Don’t tell me what to do about him!

“That’s for me to decide.” My heated emotions roll into a slow boil. “We’ll get our stuff, and see you in a few minutes.” I hang up the landline.

Marino and I return to the locker room, and I wash my face. I can’t wait to get out of these clothes and take a shower. Soon, I promise myself.

“I’ve got just what the doctor ordered after a shit day like this.” Marino is cleaning up in the sink next to mine, scrubbing his forearms and hands.

“What might that be?” I grab towels for each of us.

“How about we blow this joint like the old days and go have a drink?” he says.

“The hotel bar won’t be open at this hour.” That’s not the only reason I can’t.

“I keep a stash of Maker’s Mark for emergencies. You know me, Doc. Always prepared.”

“As much as I’d like to, I can’t. I need to be here right now,” I reply as we tuck our rain jackets into our jump-out bags.

“No you don’t. You don’t need to do this at all.” Marino doesn’t hide how stung he feels. “Why the hell do you want to witness something like that? You don’t trust what they’re going to do with his body?”

“I trust them fine. But I’m staying. After that, Benton’s waiting…”

“Have it your way. As for me?” Marino shrugs, his tone resentful on the way to cold. “I’m blowing this damn place, grabbing something to eat, throwing back a few bourbons.”

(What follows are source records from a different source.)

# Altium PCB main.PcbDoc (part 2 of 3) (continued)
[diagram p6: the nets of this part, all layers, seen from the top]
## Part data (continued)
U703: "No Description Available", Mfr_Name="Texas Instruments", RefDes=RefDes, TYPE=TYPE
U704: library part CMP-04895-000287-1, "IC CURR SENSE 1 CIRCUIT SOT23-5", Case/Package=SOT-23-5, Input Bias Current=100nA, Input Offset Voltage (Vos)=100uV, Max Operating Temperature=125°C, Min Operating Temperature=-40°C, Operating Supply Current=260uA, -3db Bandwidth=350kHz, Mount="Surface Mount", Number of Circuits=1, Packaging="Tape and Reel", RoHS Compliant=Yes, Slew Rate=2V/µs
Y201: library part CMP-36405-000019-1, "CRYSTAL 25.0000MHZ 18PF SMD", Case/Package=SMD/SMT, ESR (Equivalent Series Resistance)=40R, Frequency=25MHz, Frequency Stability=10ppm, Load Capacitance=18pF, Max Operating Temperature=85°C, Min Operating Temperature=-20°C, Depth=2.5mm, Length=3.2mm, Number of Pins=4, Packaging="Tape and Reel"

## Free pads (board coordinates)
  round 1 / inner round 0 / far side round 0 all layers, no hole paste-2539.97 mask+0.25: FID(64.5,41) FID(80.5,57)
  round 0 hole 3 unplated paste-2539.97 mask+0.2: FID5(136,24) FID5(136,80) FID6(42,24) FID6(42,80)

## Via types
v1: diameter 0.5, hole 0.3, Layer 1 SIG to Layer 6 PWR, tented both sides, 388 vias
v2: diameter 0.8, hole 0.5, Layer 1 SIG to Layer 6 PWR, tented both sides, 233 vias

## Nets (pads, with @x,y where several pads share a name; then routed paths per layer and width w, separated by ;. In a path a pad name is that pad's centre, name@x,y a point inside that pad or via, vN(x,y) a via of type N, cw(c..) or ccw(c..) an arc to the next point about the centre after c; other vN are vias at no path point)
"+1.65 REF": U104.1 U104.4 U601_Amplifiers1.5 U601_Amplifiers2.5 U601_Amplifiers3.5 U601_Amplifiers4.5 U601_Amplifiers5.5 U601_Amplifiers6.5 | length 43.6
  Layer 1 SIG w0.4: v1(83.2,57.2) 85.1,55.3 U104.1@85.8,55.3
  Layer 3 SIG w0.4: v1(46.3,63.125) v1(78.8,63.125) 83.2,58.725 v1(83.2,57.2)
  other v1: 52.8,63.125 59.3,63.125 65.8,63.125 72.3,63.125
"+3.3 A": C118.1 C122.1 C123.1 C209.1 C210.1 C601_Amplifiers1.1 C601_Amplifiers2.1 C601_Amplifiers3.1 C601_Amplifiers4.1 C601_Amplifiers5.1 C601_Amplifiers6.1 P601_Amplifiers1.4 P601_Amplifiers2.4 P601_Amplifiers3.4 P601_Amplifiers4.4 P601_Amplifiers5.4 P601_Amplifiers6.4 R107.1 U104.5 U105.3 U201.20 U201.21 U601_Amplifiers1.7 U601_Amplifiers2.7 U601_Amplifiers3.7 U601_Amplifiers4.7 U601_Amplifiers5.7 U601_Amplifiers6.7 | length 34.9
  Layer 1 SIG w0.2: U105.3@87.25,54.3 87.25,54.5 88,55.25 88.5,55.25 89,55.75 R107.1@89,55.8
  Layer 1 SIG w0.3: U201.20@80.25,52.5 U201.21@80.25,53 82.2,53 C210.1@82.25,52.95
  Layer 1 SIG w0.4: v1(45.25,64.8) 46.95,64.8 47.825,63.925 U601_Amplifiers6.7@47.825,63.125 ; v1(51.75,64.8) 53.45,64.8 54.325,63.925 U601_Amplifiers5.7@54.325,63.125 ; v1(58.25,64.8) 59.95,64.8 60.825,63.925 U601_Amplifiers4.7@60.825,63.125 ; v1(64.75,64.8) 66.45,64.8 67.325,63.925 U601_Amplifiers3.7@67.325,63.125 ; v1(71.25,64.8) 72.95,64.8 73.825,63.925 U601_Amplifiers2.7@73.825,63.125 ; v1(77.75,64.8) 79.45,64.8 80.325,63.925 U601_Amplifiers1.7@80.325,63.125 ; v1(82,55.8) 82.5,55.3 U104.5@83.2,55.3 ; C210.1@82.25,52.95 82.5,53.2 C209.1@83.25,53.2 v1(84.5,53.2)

“You’ve earned it,” I reply, and no matter what I say it doesn’t help.

Leaving the locker room, we find Lucy inside the receiving area waiting by a stairway door that has a biometric lock.

“I’m staying, but no need for Marino,” I tell her.

“Yeah, no need.” He stalks off, his bad mood closing in like overcast.

“I meant that I’ll take care of it.” My voice follows him as he opens the door leading outside.

“What’s eating him?” Lucy watches him leave, the lenses ofher glasses almost clear. “Never mind. Why am I asking after everything he just heard about your relationship with Sal?”

“Nothing about today has been easy for any of us,” I answer diplomatically.

“I know.” Her eyes linger on mine as if she’s about to say something else.

But she doesn’t, and I’m reminded we’re on camera. She scans open the lock of the heavy metal door, and we descend four flights of steep metal-edged steps, our boots loud and echoing in the uneven light. On the lowest level, she opens another steel door. We enter a concrete space no bigger than a single-bay garage, the dank air stale and tasting of dust.

Neon lights flicker overhead, one of the tubular bulbs burned out, a lot of gauzy cobwebs everywhere. I look around at a sink, a freestanding double-glass-doored cabinet filled with old bottles of embalming fluid and other chemicals. A large rusting drain is in the middle of the brick floor, an old black rubber hose sloppily coiled next to a fifty-five-gallon metal drum of formaldehyde.

I associate the small dissection table with veterinary necropsies. The zinc top can be tilted on the wooden base, the gears rusty.

“What exactly went on down here?” I ask.

“It’s where the pathologists and others conducted certain examinations,” Lucy says.

“That much I can deduce.”

“For the most part, we’re talking about long before my time.”

“I can deduce that, too,” I reply as she artfully dodges the question.